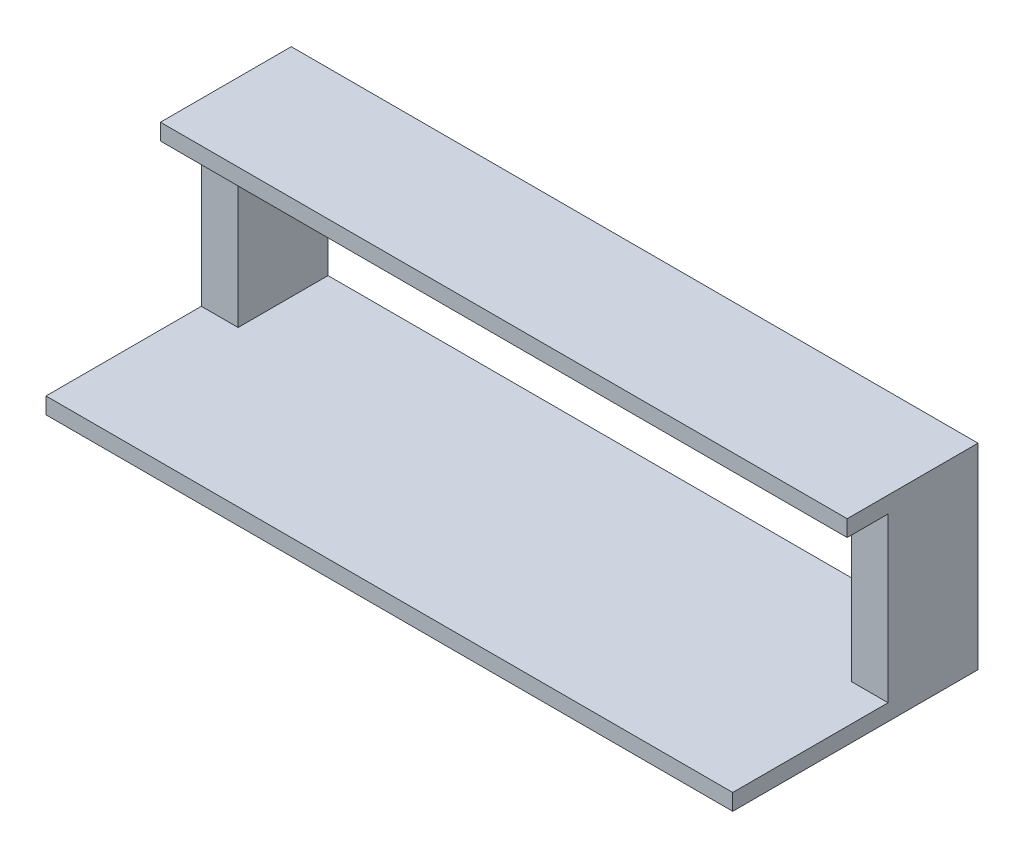
from build123d import *

# Parameters (mm, degrees)
SKETCH1_W           = 2133.6
SKETCH1_H           = 762
BOSS_EXTRUDE1_DEPTH = 50.8
SKETCH3_W           = 114.3
SKETCH3_H           = 279.4
BOSS_EXTRUDE2_DEPTH = 508
SKETCH4_W           = 2133.6
SKETCH4_H           = 279.4
BOSS_EXTRUDE3_DEPTH = 50.8
SKETCH5_W           = 2133.6
SKETCH5_H           = 50.8
BOSS_EXTRUDE4_DEPTH = 127


with BuildPart() as part:
    # Sketch1 → Boss-Extrude1 (new body)
    with BuildSketch(Plane(origin=(0, 0, 0), x_dir=(1, 0, 0), z_dir=(0, 1, 0))):
        Rectangle(SKETCH1_W, SKETCH1_H)
    extrude(amount=BOSS_EXTRUDE1_DEPTH)

    # Sketch3 → Boss-Extrude2 (add)
    with BuildSketch(Plane(origin=(0, 50.8, 0), x_dir=(1, 0, 0), z_dir=(0, 1, 0))):
        with Locations((-1009.65, 241.3)):
            Rectangle(SKETCH3_W, SKETCH3_H)
        with Locations((1009.65, 241.3)):
            Rectangle(SKETCH3_W, SKETCH3_H)
    extrude(amount=BOSS_EXTRUDE2_DEPTH)

    # Sketch4 → Boss-Extrude3 (add)
    with BuildSketch(Plane(origin=(0, 558.8, 0), x_dir=(1, 0, 0), z_dir=(0, 1, 0))):
        with Locations((0, 241.3)):
            Rectangle(SKETCH4_W, SKETCH4_H)
    extrude(amount=BOSS_EXTRUDE3_DEPTH)

    # Sketch5 → Boss-Extrude4 (add)
    with BuildSketch(Plane.XY.offset(-101.6)):
        with Locations((0, 584.2)):
            Rectangle(SKETCH5_W, SKETCH5_H)
    extrude(amount=BOSS_EXTRUDE4_DEPTH)


solid = part.part
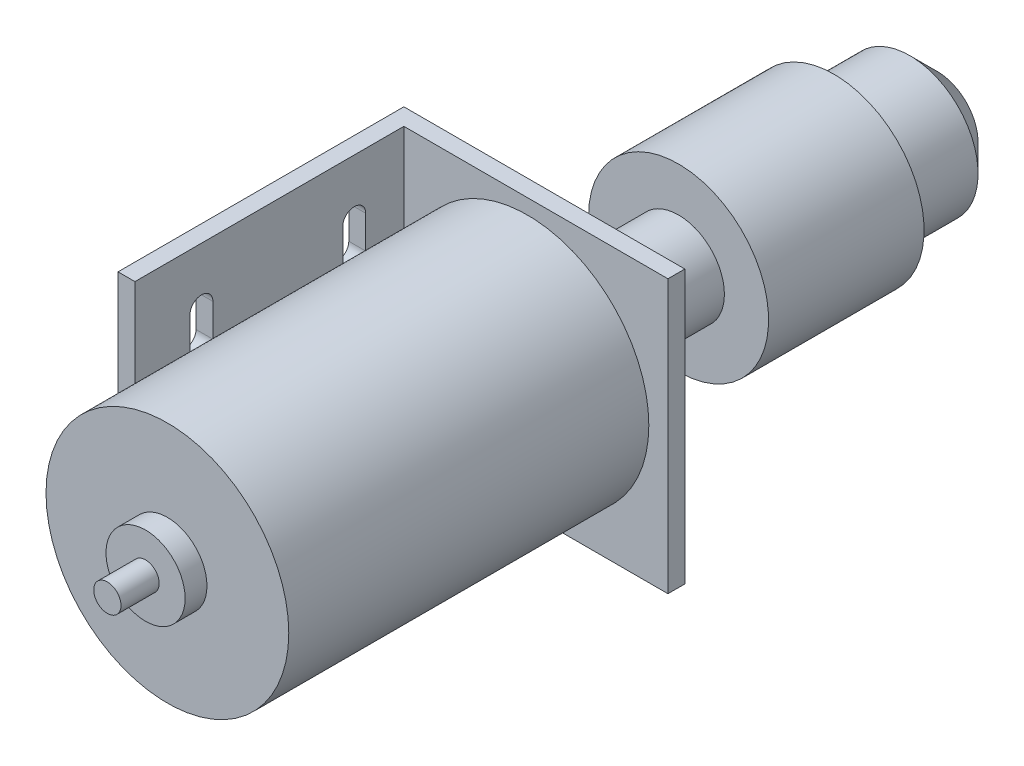
from build123d import *

# Parameters (mm, degrees)
SKETCH1_R           = 22.25
BOSS_EXTRUDE1_DEPTH = 66
SKETCH2_R           = 7.25
BOSS_EXTRUDE2_DEPTH = 4
SKETCH3_R           = 2.5
BOSS_EXTRUDE3_DEPTH = 7
SKETCH4_W           = 51.5
SKETCH4_H           = 50
SKETCH4_R           = 8.6
BOSS_EXTRUDE4_DEPTH = 3.1
SKETCH5_R           = 8.4
BOSS_EXTRUDE5_DEPTH = 27.7
SKETCH6_R           = 16.5
BOSS_EXTRUDE6_DEPTH = 28.5
SKETCH7_R           = 12.5
BOSS_EXTRUDE7_DEPTH = 18.9
SKETCH8_R           = 5.3
CUT_EXTRUDE1_DEPTH  = 26.4
CHAMFER1_SIZE       = 5
SKETCH9_W           = 3.1
SKETCH9_H           = 50
BOSS_EXTRUDE8_DEPTH = 49.3
CUT_EXTRUDE2_REACH  = 53.5


with BuildPart() as part:
    # Sketch1 → Boss-Extrude1 (new body)
    with BuildSketch(Plane.XY):
        Circle(SKETCH1_R)
    extrude(amount=BOSS_EXTRUDE1_DEPTH)

    # Sketch2 → Boss-Extrude2 (add)
    with BuildSketch(Plane.XY.offset(66)):
        Circle(SKETCH2_R)
    extrude(amount=BOSS_EXTRUDE2_DEPTH)

    # Sketch3 → Boss-Extrude3 (add)
    with BuildSketch(Plane.XY.offset(70)):
        Circle(SKETCH3_R)
    extrude(amount=BOSS_EXTRUDE3_DEPTH)

    # Sketch4 → Boss-Extrude4 (add)
    with BuildSketch(Plane(origin=(0, 0, 0), x_dir=(-1, 0, 0), z_dir=(0, 0, -1))):
        Rectangle(SKETCH4_W, SKETCH4_H)
        Circle(SKETCH4_R, mode=Mode.SUBTRACT)
    extrude(amount=BOSS_EXTRUDE4_DEPTH)

    # Sketch5 → Boss-Extrude5 (add)
    with BuildSketch(Plane(origin=(0, 0, 0), x_dir=(-1, 0, 0), z_dir=(0, 0, -1))):
        Circle(SKETCH5_R)
    extrude(amount=BOSS_EXTRUDE5_DEPTH)

    # Sketch6 → Boss-Extrude6 (add)
    with BuildSketch(Plane(origin=(0, 0, -27.7), x_dir=(-1, 0, 0), z_dir=(0, 0, -1))):
        Circle(SKETCH6_R)
    extrude(amount=BOSS_EXTRUDE6_DEPTH)

    # Sketch7 → Boss-Extrude7 (add)
    with BuildSketch(Plane(origin=(0, 0, -56.2), x_dir=(-1, 0, 0), z_dir=(0, 0, -1))):
        Circle(SKETCH7_R)
    extrude(amount=BOSS_EXTRUDE7_DEPTH)

    # Sketch8 → Cut-Extrude1 (cut)
    with BuildSketch(Plane(origin=(0, 0, -75.1), x_dir=(-1, 0, 0), z_dir=(0, 0, -1))):
        Circle(SKETCH8_R)
    extrude(amount=-CUT_EXTRUDE1_DEPTH, mode=Mode.SUBTRACT)

    # Chamfer1
    chamfer1_edges = [part.edges().sort_by_distance(p)[0] for p in [
        (12.5, 0, -75.1),
    ]]
    chamfer(chamfer1_edges, length=CHAMFER1_SIZE)

    # Sketch9 → Boss-Extrude8 (add)
    with BuildSketch(Plane.XY):
        with Locations((-24.2, 0)):
            Rectangle(SKETCH9_W, SKETCH9_H)
    extrude(amount=BOSS_EXTRUDE8_DEPTH)

    # Sketch10 → Cut-Extrude2 (cut, up to next)
    with BuildSketch(Plane.ZY.offset(25.75), mode=Mode.PRIVATE) as cut_extrude2_sk1:
        with BuildLine():
            Line((39.2, 14.7), (39.2, 8.7))
            ThreePointArc((39.2, 8.7), (37.1, 6.6), (35, 8.7))
            Line((35, 8.7), (35, 14.7))
            ThreePointArc((35, 14.7), (37.1, 16.8), (39.2, 14.7))
        make_face()
    cut_extrude2_tool1 = extrude(cut_extrude2_sk1.sketch, amount=-CUT_EXTRUDE2_REACH, mode=Mode.PRIVATE) & part.part
    add(cut_extrude2_tool1.solids().sort_by_distance((-25.75, 11.7, 37.1))[0], mode=Mode.SUBTRACT)
    # Sketch10 → Cut-Extrude2 (cut, up to next)
    with BuildSketch(Plane.ZY.offset(25.75), mode=Mode.PRIVATE) as cut_extrude2_sk2:
        with BuildLine():
            Line((39.2, -14.7), (39.2, -8.7))
            ThreePointArc((39.2, -8.7), (37.1, -6.6), (35, -8.7))
            Line((35, -8.7), (35, -14.7))
            ThreePointArc((35, -14.7), (37.1, -16.8), (39.2, -14.7))
        make_face()
    cut_extrude2_tool2 = extrude(cut_extrude2_sk2.sketch, amount=-CUT_EXTRUDE2_REACH, mode=Mode.PRIVATE) & part.part
    add(cut_extrude2_tool2.solids().sort_by_distance((-25.75, -11.7, 37.1))[0], mode=Mode.SUBTRACT)
    # Sketch10 → Cut-Extrude2 (cut, up to next)
    with BuildSketch(Plane.ZY.offset(25.75), mode=Mode.PRIVATE) as cut_extrude2_sk3:
        with BuildLine():
            Line((7, -14.7), (7, -8.7))
            ThreePointArc((7, -8.7), (9.1, -6.6), (11.2, -8.7))
            Line((11.2, -8.7), (11.2, -14.7))
            ThreePointArc((11.2, -14.7), (9.1, -16.8), (7, -14.7))
        make_face()
    cut_extrude2_tool3 = extrude(cut_extrude2_sk3.sketch, amount=-CUT_EXTRUDE2_REACH, mode=Mode.PRIVATE) & part.part
    add(cut_extrude2_tool3.solids().sort_by_distance((-25.75, -11.7, 9.1))[0], mode=Mode.SUBTRACT)
    # Sketch10 → Cut-Extrude2 (cut, up to next)
    with BuildSketch(Plane.ZY.offset(25.75), mode=Mode.PRIVATE) as cut_extrude2_sk4:
        with BuildLine():
            Line((7, 14.7), (7, 8.7))
            ThreePointArc((7, 8.7), (9.1, 6.6), (11.2, 8.7))
            Line((11.2, 8.7), (11.2, 14.7))
            ThreePointArc((11.2, 14.7), (9.1, 16.8), (7, 14.7))
        make_face()
    cut_extrude2_tool4 = extrude(cut_extrude2_sk4.sketch, amount=-CUT_EXTRUDE2_REACH, mode=Mode.PRIVATE) & part.part
    add(cut_extrude2_tool4.solids().sort_by_distance((-25.75, 11.7, 9.1))[0], mode=Mode.SUBTRACT)


solid = part.part
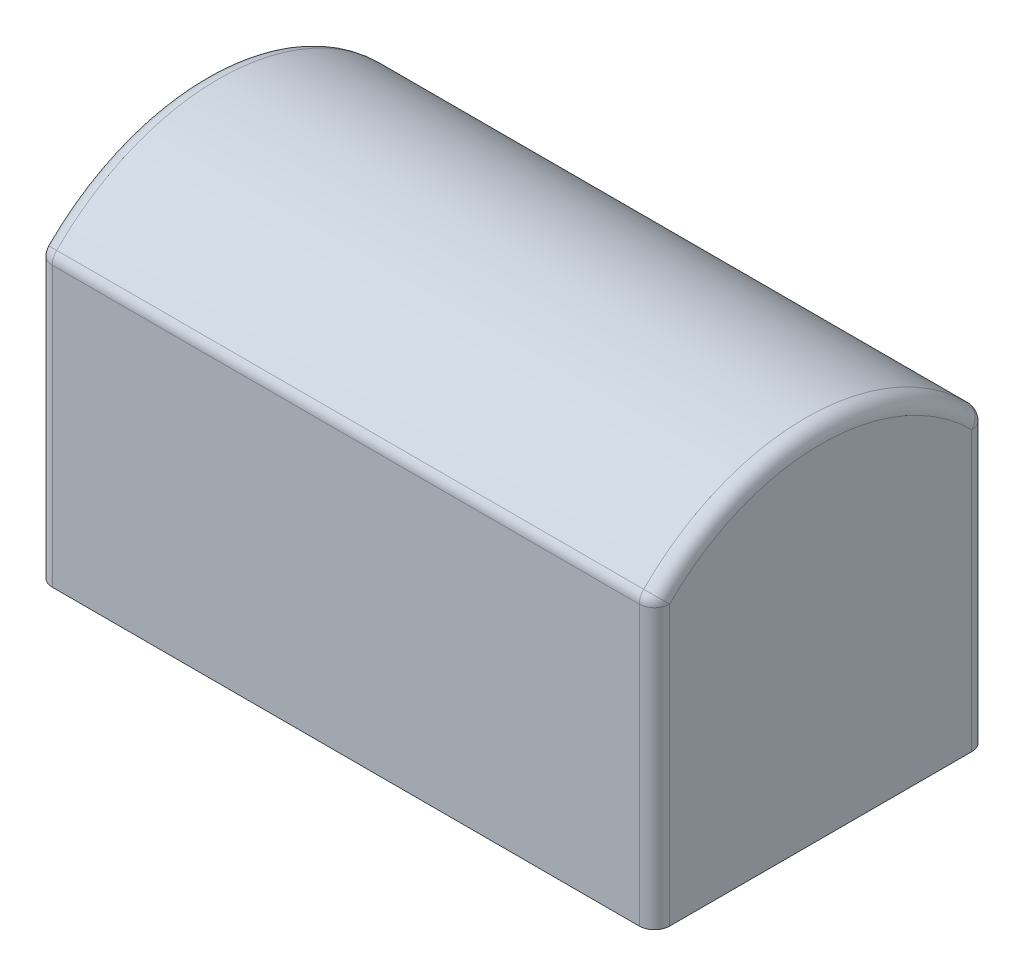
from build123d import *

# Parameters (mm, degrees)
BOSS_EXTRUDE1_DEPTH = 10.31875
FILLET1_R           = 0.254


with BuildPart() as part:
    # Sketch1 → Boss-Extrude1 (new body)
    with BuildSketch(Plane(origin=(0, 0, 0), x_dir=(0, 0, -1), z_dir=(1, 0, 0))):
        with BuildLine():
            Line((-2.778125, 0), (2.778125, 0))
            Line((2.778125, 0), (2.778125, 4.7625))
            ThreePointArc((2.778125, 4.7625), (0, 5.966386343), (-2.778125, 4.7625))
            Line((-2.778125, 4.7625), (-2.778125, 0))
        make_face()
    extrude(amount=BOSS_EXTRUDE1_DEPTH)

    # Fillet1
    fillet1_edges = [part.edges().sort_by_distance(p)[0] for p in [
        (10.31875, 2.38125, 2.778125),
        (10.31875, 2.38125, -2.778125),
        (0, 2.38125, 2.778125),
        (0, 5.966386343, 0),
        (0, 2.38125, -2.778125),
        (5.159375, 4.7625, 2.778125),
        (5.159375, 4.7625, -2.778125),
        (10.31875, 5.966386343, 0),
    ]]
    fillet(fillet1_edges, radius=FILLET1_R)


solid = part.part
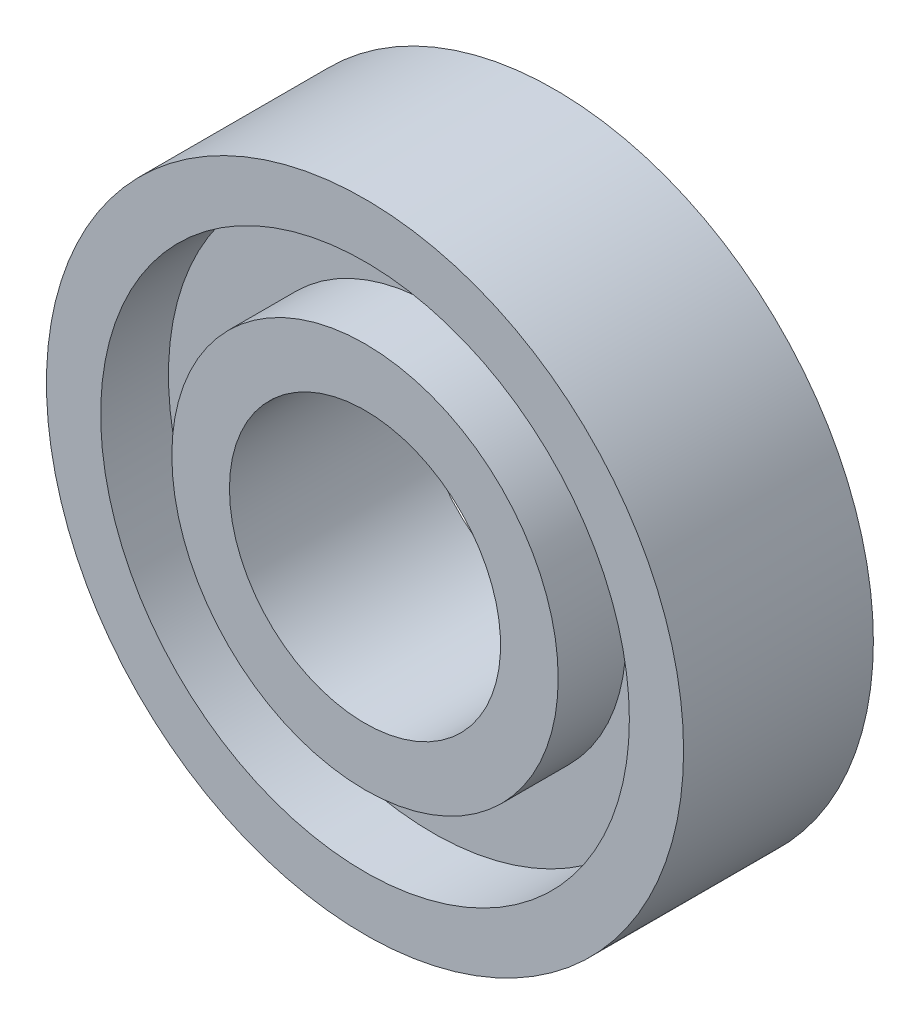
from build123d import *

# Parameters (mm, degrees)
SKETCH1_R      = 23.5
EXTRUDE1_DEPTH = 14
SKETCH2_R      = 19.5
SKETCH2_R_2    = 14.25
EXTRUDE2_DEPTH = 5
SKETCH3_R      = 19.5
SKETCH3_R_2    = 14.25
EXTRUDE3_DEPTH = 5
SKETCH4_R      = 10
EXTRUDE4_DEPTH = 15


with BuildPart() as part:
    # Sketch1 → Extrude1 (new body)
    with BuildSketch(Plane.XY):
        Circle(SKETCH1_R)
    extrude(amount=EXTRUDE1_DEPTH)

    # Sketch2 → Extrude2 (cut)
    with BuildSketch(Plane.XY.offset(14)):
        Circle(SKETCH2_R)
        Circle(SKETCH2_R_2, mode=Mode.SUBTRACT)
    extrude(amount=-EXTRUDE2_DEPTH, mode=Mode.SUBTRACT)

    # Sketch3 → Extrude3 (cut)
    with BuildSketch(Plane(origin=(0, 0, 0), x_dir=(-1, 0, 0), z_dir=(0, 0, -1))):
        Circle(SKETCH3_R)
        Circle(SKETCH3_R_2, mode=Mode.SUBTRACT)
    extrude(amount=-EXTRUDE3_DEPTH, mode=Mode.SUBTRACT)

    # Sketch4 → Extrude4 (cut, through all)
    with BuildSketch(Plane(origin=(0, 0, 0), x_dir=(-1, 0, 0), z_dir=(0, 0, -1))):
        Circle(SKETCH4_R)
    extrude(amount=-EXTRUDE4_DEPTH, mode=Mode.SUBTRACT)


solid = part.part

Exercise:
Your answer must be the line containing "extrude(amount=EXTRUDE1_DEPTH)" and each line after it in the listing above, copied exactly.

Response area:
    extrude(amount=EXTRUDE1_DEPTH)

    # Sketch2 → Extrude2 (cut)
    with BuildSketch(Plane.XY.offset(14)):
        Circle(SKETCH2_R)
        Circle(SKETCH2_R_2, mode=Mode.SUBTRACT)
    extrude(amount=-EXTRUDE2_DEPTH, mode=Mode.SUBTRACT)

    # Sketch3 → Extrude3 (cut)
    with BuildSketch(Plane(origin=(0, 0, 0), x_dir=(-1, 0, 0), z_dir=(0, 0, -1))):
        Circle(SKETCH3_R)
        Circle(SKETCH3_R_2, mode=Mode.SUBTRACT)
    extrude(amount=-EXTRUDE3_DEPTH, mode=Mode.SUBTRACT)

    # Sketch4 → Extrude4 (cut, through all)
    with BuildSketch(Plane(origin=(0, 0, 0), x_dir=(-1, 0, 0), z_dir=(0, 0, -1))):
        Circle(SKETCH4_R)
    extrude(amount=-EXTRUDE4_DEPTH, mode=Mode.SUBTRACT)


solid = part.part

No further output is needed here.